Se cumplieron ayer tres décadas del primero de los dos atentados perpetrados por el terrorismo internacional en territorio argentino. El otro fue dos años y tres meses después. El que se conmemoró ayer fue el que hizo volar la Embajada de Israel en la Argentina, con un saldo de 23 muertos y 242 heridos. El de 1994 fue el que destruyó la AMIA, con 85 muertos y más de 300 heridos.

Ambos ataques no solo comparten como características comunes el horror de la muerte y la destrucción, sino también la impunidad. Han pasado tres décadas y no hay condenados, ni justicia, ni consuelo.

Durante los gobiernos democráticos la Argentina mantuvo por lo general, en materia de relaciones exteriores, un bajo perfil con una marcada tendencia a la neutralidad respecto de los grandes conflictos internacionales. Durante el gobierno de Carlos Menem, sin embargo, levantó notoriamente ese perfil y abandonó la neutralidad, alineándose con las potencias occidentales en los conflictos que asolaban a Medio Oriente. Incluso hasta hubo aportes argentinos en la guerra del Golfo (1991-1992) con el envío de naves para integrarse a la fuerza compuesta por 34 países y encabezada por Estados Unidos.

Este cambio abrupto en la política exterior argentina provocó, según los analistas internacionales, que el terrorismo decidiera operar en el país.

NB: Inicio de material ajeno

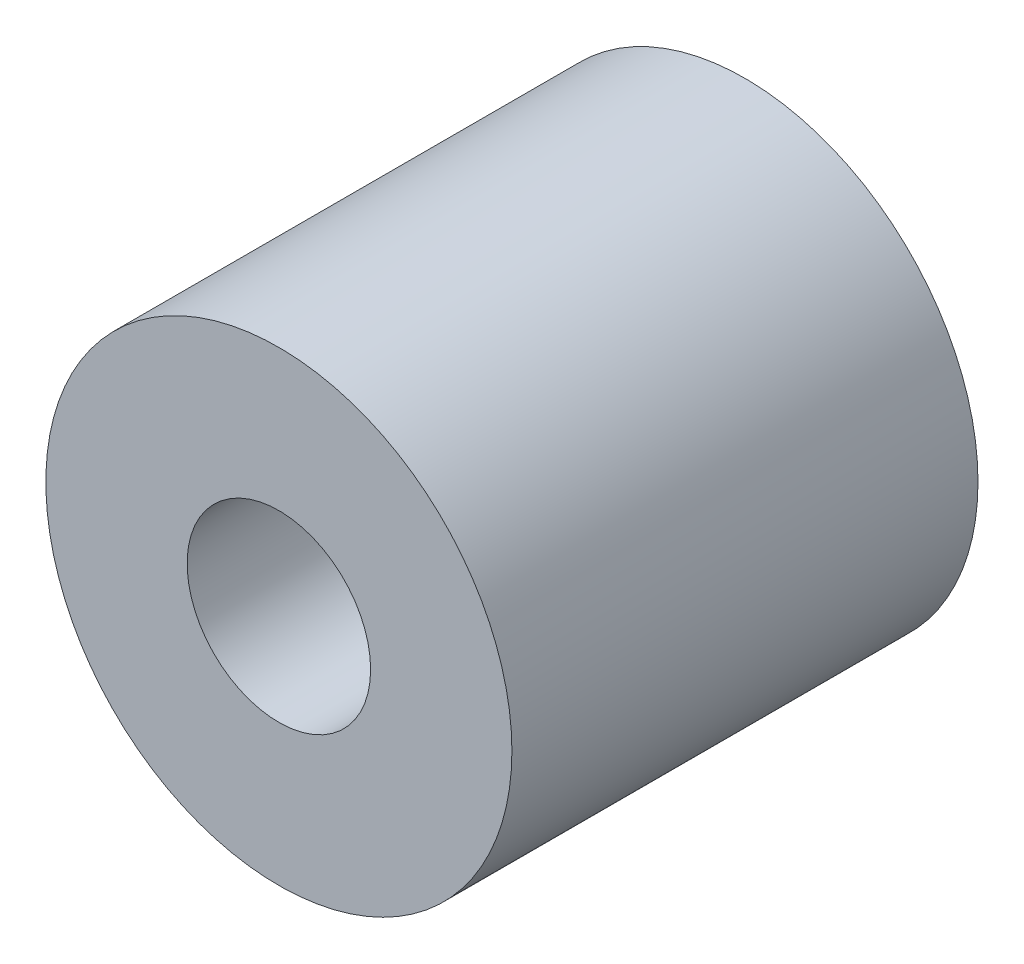
from build123d import *

# Parameters (mm, degrees)
SKETCH1_R           = 6.35
SKETCH1_R_2         = 2.499995
BOSS_EXTRUDE1_DEPTH = 12.7


with BuildPart() as part:
    # Sketch1 → Boss-Extrude1 (new body)
    with BuildSketch(Plane.XY):
        Circle(SKETCH1_R)
        Circle(SKETCH1_R_2, mode=Mode.SUBTRACT)
    extrude(amount=BOSS_EXTRUDE1_DEPTH)


solid = part.part

La pesquisa judicial estuvo plagada de irregularidades, marchas, contramarchas y el seguimiento de pistas falsas. Tres décadas después del terrible atentado, la hipótesis más fuerte es que los autores intelectuales fue la organización Hezbollah, con base en el Líbano, y apoyada por la República Islámica de Irán.

Las deficiencias en la investigación judicial son doblemente graves: en primer lugar por la envergadura del atentado, que ameritaba una pesquisa responsable, ágil y eficaz, pero además porque, por tratarse del ataque a una embajada, el órgano encargado de llevarla adelante es la Corte Suprema de Justicia. Sin embargo, el máximo tribunal de Justicia de la Nación fue incapaz de avanzar con paso firme, y terminó entrampado en hipótesis falsas y laberintos judiciales sin salida, evidenciando, en el mejor de los casos, incapacidad para resolver el hecho, y en el peor, una deliberada intencionalidad de transitar por las escabrosas sendas que tarde o temprano conducen a la impunidad.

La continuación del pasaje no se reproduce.